The Multilateral Coordination Board (MCB) for the International Space Station partner agencies met Tuesday, July 26, to discuss how to use the space station as a test bed for technologies that will enable missions beyond low Earth orbit.
The board will begin identifying several specific technology collaboration initiatives based on possible future missions suggested by the International Space Exploration Coordination Group. These technology developments and demonstrations on the station could support voyages to an asteroid or Mars or the development of lunar habitats.
The MCB also discussed efforts to increase station use and reported on the status of standardization efforts for rendezvous and proximity operations, interfaces for replaceable items and payloads and command protocols for spacecraft. The recently released revision of the International Docking Systems Standard can be downloaded at: http://www.internationaldockingstandard.com
Ongoing space station research includes:
- The uses of the International Space Station as a national laboratory are growing. Memorandums of understanding are in place between NASA and other U.S. government agencies such as the National Institutes of Health, which is now in its second year of selecting experiments related to human health research.
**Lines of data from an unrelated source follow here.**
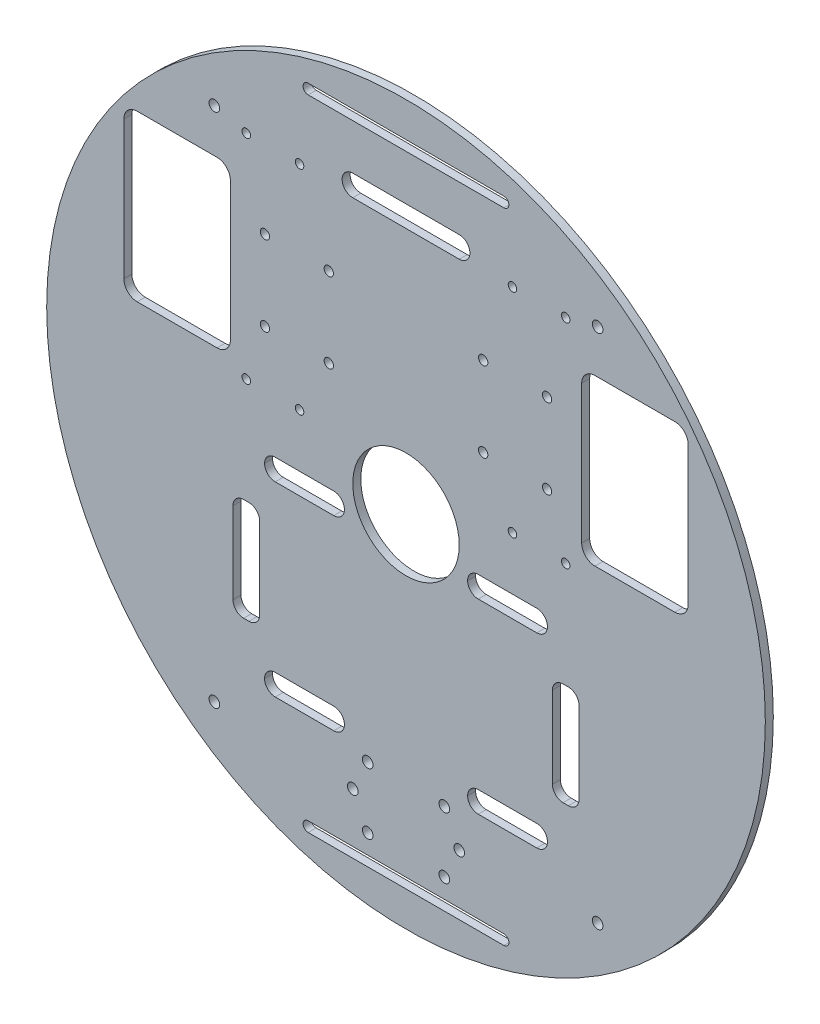
from build123d import *

# Parameters (mm, degrees)
SKETCH_1_R          = 135
SKETCH_1_R_2        = 2
SKETCH_1_W          = 40
SKETCH_1_H          = 62
SKETCH_1_R_3        = 1.75
EXTRUDE_1_DEPTH     = 3
FILLET_1_R          = 5
SKETCH_2_R          = 20
SKETCH_2_R_2        = 2
SKETCH_2_R_3        = 1.6
SKETCH_2_W          = 30
SKETCH_2_H          = 8
SKETCH_2_W_2        = 10
SKETCH_2_H_2        = 38.624758258
CUT_EXTRUDE_1_DEPTH = 10
FILLET_2_R          = 4


with BuildPart() as part:
    # 草图1 → 凸台-拉伸1 (new body)
    with BuildSketch(Plane.XY):
        Circle(SKETCH_1_R)
        with Locations((-14.4, -110.804246301)):
            Circle(SKETCH_1_R_2, mode=Mode.SUBTRACT)
        with Locations((-20, -99.304246301)):
            Circle(SKETCH_1_R_2, mode=Mode.SUBTRACT)
        with Locations((-14.4, -87.804246301)):
            Circle(SKETCH_1_R_2, mode=Mode.SUBTRACT)
        with Locations((14.4, -110.804246301)):
            Circle(SKETCH_1_R_2, mode=Mode.SUBTRACT)
        with Locations((14.4, -87.804246301)):
            Circle(SKETCH_1_R_2, mode=Mode.SUBTRACT)
        with Locations((20, -99.304246301)):
            Circle(SKETCH_1_R_2, mode=Mode.SUBTRACT)
        with Locations((-86, 49.65212315)):
            Rectangle(SKETCH_1_W, SKETCH_1_H, mode=Mode.SUBTRACT)
        with Locations((-53, 34.65212315)):
            Circle(SKETCH_1_R_3, mode=Mode.SUBTRACT)
        with Locations((-53, 64.65212315)):
            Circle(SKETCH_1_R_3, mode=Mode.SUBTRACT)
        with Locations((-29, 34.65212315)):
            Circle(SKETCH_1_R_3, mode=Mode.SUBTRACT)
        with Locations((-29, 64.65212315)):
            Circle(SKETCH_1_R_3, mode=Mode.SUBTRACT)
        with Locations((29, 34.65212315)):
            Circle(SKETCH_1_R_3, mode=Mode.SUBTRACT)
        with Locations((29, 64.65212315)):
            Circle(SKETCH_1_R_3, mode=Mode.SUBTRACT)
        with Locations((53, 34.65212315)):
            Circle(SKETCH_1_R_3, mode=Mode.SUBTRACT)
        with Locations((53, 64.65212315)):
            Circle(SKETCH_1_R_3, mode=Mode.SUBTRACT)
        with Locations((86, 49.65212315)):
            Rectangle(SKETCH_1_W, SKETCH_1_H, mode=Mode.SUBTRACT)
    extrude(amount=EXTRUDE_1_DEPTH)

    # 圆角1
    fillet_1_edges = [part.edges().sort_by_distance(p)[0] for p in [
        (66, 80.65212315, 1.5),
        (66, 18.65212315, 1.5),
        (106, 18.65212315, 1.5),
        (106, 80.65212315, 1.5),
        (-106, 80.65212315, 1.5),
        (-106, 18.65212315, 1.5),
        (-66, 18.65212315, 1.5),
        (-66, 80.65212315, 1.5),
    ]]
    fillet(fillet_1_edges, radius=FILLET_1_R)

    # 草图2 → 切除-拉伸1 (cut)
    with BuildSketch(Plane.XY.offset(3)):
        Circle(SKETCH_2_R)
        with Locations((-72, 97)):
            Circle(SKETCH_2_R_2)
        with Locations((72, 97)):
            Circle(SKETCH_2_R_2)
        with Locations((72, -97)):
            Circle(SKETCH_2_R_2)
        with Locations((-72, -97)):
            Circle(SKETCH_2_R_2)
        with Locations((-60, 94)):
            Circle(SKETCH_2_R_3)
        with Locations((-60, 14)):
            Circle(SKETCH_2_R_3)
        with Locations((-40, 94)):
            Circle(SKETCH_2_R_3)
        with Locations((-40, 14)):
            Circle(SKETCH_2_R_3)
        with Locations((60, 14)):
            Circle(SKETCH_2_R_3)
        with Locations((60, 94)):
            Circle(SKETCH_2_R_3)
        with Locations((40, 94)):
            Circle(SKETCH_2_R_3)
        with Locations((40, 14)):
            Circle(SKETCH_2_R_3)
        with Locations((38.142857143, -10)):
            Rectangle(SKETCH_2_W, SKETCH_2_H)
        with Locations((-38.142857143, -10)):
            Rectangle(SKETCH_2_W, SKETCH_2_H)
        with Locations((38.142857143, -80)):
            Rectangle(SKETCH_2_W, SKETCH_2_H)
        with Locations((-38.142857143, -80)):
            Rectangle(SKETCH_2_W, SKETCH_2_H)
        with Locations((60, -45)):
            Rectangle(SKETCH_2_W_2, SKETCH_2_H_2)
        with Locations((-60, -45)):
            Rectangle(SKETCH_2_W_2, SKETCH_2_H_2)
        with BuildLine():
            Line((-36.755588957, 121.9), (36.755588957, 121.9))
            ThreePointArc((36.755588957, 121.9), (38.655588957, 120), (36.755588957, 118.1))
            Line((36.755588957, 118.1), (-36.755588957, 118.1))
            ThreePointArc((-36.755588957, 118.1), (-38.655588957, 120), (-36.755588957, 121.9))
        make_face()
        with BuildLine():
            Line((-36.755588957, -118.1), (36.755588957, -118.1))
            ThreePointArc((36.755588957, -118.1), (38.655588957, -120), (36.755588957, -121.9))
            Line((36.755588957, -121.9), (-36.755588957, -121.9))
            ThreePointArc((-36.755588957, -121.9), (-38.655588957, -120), (-36.755588957, -118.1))
        make_face()
        with BuildLine():
            Line((20, 101), (-20, 101))
            ThreePointArc((-20, 101), (-24, 97), (-20, 93))
            Line((-20, 93), (20, 93))
            ThreePointArc((20, 93), (24, 97), (20, 101))
        make_face()
    extrude(amount=-CUT_EXTRUDE_1_DEPTH, mode=Mode.SUBTRACT)

    # 圆角2
    fillet_2_edges = [part.edges().sort_by_distance(p)[0] for p in [
        (-53.142857143, -84, 1.5),
        (-23.142857143, -84, 1.5),
        (-53.142857143, -76, 1.5),
        (-23.142857143, -76, 1.5),
        (23.142857143, -84, 1.5),
        (23.142857143, -76, 1.5),
        (53.142857143, -76, 1.5),
        (53.142857143, -84, 1.5),
        (-53.142857143, -14, 1.5),
        (-53.142857143, -6, 1.5),
        (-23.142857143, -14, 1.5),
        (-23.142857143, -6, 1.5),
        (23.142857143, -14, 1.5),
        (53.142857143, -14, 1.5),
        (23.142857143, -6, 1.5),
        (53.142857143, -6, 1.5),
        (-55, -64.312379129, 1.5),
        (-65, -64.312379129, 1.5),
        (55, -64.312379129, 1.5),
        (65, -64.312379129, 1.5),
        (-65, -25.687620871, 1.5),
        (-55, -25.687620871, 1.5),
        (65, -25.687620871, 1.5),
        (55, -25.687620871, 1.5),
    ]]
    fillet(fillet_2_edges, radius=FILLET_2_R - 0.0001)  # a hair under: the kernel refuses the full size


solid = part.part

Space Act Agreements also are active with private firms and universities in the areas of vaccine development for bacterial pathogens, gene differentiation for production of new plant cultivars, nanocube scale experiment systems, hyper-spectral imaging for agricultural applications and advanced propulsion technologies. Earlier this month, NASA formally selected the Center for the Advancement of Science in Space for negotiation of a cooperative agreement to stimulate, develop and manage uses of the station by organizations other than NASA.
- The Alpha Magnetic Spectrometer has collected more than 2 billion observations of galactic cosmic rays since its launch and installation on the space station in May. The astrophysics instrument is a partnership of hundreds of scientists and sixteen countries led by Nobel laureate Samuel Ting.
- Robotic technologies developed by the Canadian Space Agency (CSA) for the station have been used to improve the dexterity of surgeons in fine scale surgery. NASA will be testing a humanoid robot, Robonaut, developed in partnership with General Motors in the coming months. The first test of robotically controlled refueling in orbit, developed jointly by NASA and CSA, launched earlier this month aboard Atlantis' STS-135 flight.
- The space station partnership is working to share data from remote sensing instruments mounted on the orbiting outpost and to increase the application of such data to disaster response. The Hyperspectral Imager for the Coastal Ocean has collected more than 3,510 images, providing unprecedented spectral resolution of difficult-to-map coastal waters. The International Space Station Agricultural Camera collected its first images on June 10. Its data is used to assess crop health and rapid changes during the growing season.
- NASA's studies of crew health have identified relationships between diet and bone loss that offer important insights for future studies. Recently published data on chemical changes in pharmaceuticals identified that low-dose ionizing radiation in orbit degrades many medications, and that additional development of space-hardy medications will be needed for human spaceflight beyond Earth orbit.
- The Russian Federal Space Agency, Roscosmos, continues experiments aimed at human adaptation to future long-term expeditions. Effects of the flight conditions on the cardiovascular system, the respiratory system and bones are being investigated in dedicated medical experiments. Wheat and vegetables are being planted, followed by genetic, microbiological and biochemical tests of the plants. Four different long-duration Russian astrobiology experiments from Expose-R returned after two years of open space exposure.
- In addition to astronomical and Earth observations, Japan promotes biotechnological research by analyzing structures of high-quality protein crystals created on the station leading to treatments for muscular dystrophy. Japan also continues experiments related to future long-term human spaceflight missions such as investigating bone loss mechanism, the effects of radiation and countermeasures of those. Scientists have gained insight to the fields of fundamental life and materials science from research conducted in the Kibo laboratory.
- With the return of European Space Agency (ESA) astronaut Paolo Nespoli in May, ESA successfully concluded a focal set of research known as the "MagISStra" mission. Recently returned long-duration experiments include: a year-long radiation exposure experiment conducted with Roscosmos, nine different European astrobiology experiments after two years of open space exposure and the CFS-A study of fungi after five months in space. The completion of the ZAG and Otolith experiments by shuttle crew members gives new, unexpected insight into human balance. The Materials Science Laboratory now has the ability to cool rapidly metal alloy samples, with new cartridges expanding its use by the research community. These experiments are being performed in collaboration with the station's international partners.
- Educational activities on the station reach thousands of students around the world. In May and June, hundreds of thousands of students watched the adaptation of spiders to a space environment and compared their behavior to spiders in classrooms on Earth through the website BioEdOnline.org. The spiders returned to Earth on Thursday, July 21. Students in the U.S., Europe and Japan had the opportunity to propose investigations for the space station and astronauts conducted the winning activities.
The MCB includes senior representatives from NASA, CSA, ESA, Roscosmos and the Japanese Ministry of Education, Culture, Sports, Science and Technology. The MCB meets periodically to ensure coordination of station operations and activities among the partners. The board is working to tabulate station utilization metrics and document accomplishments for a publication to be released by September.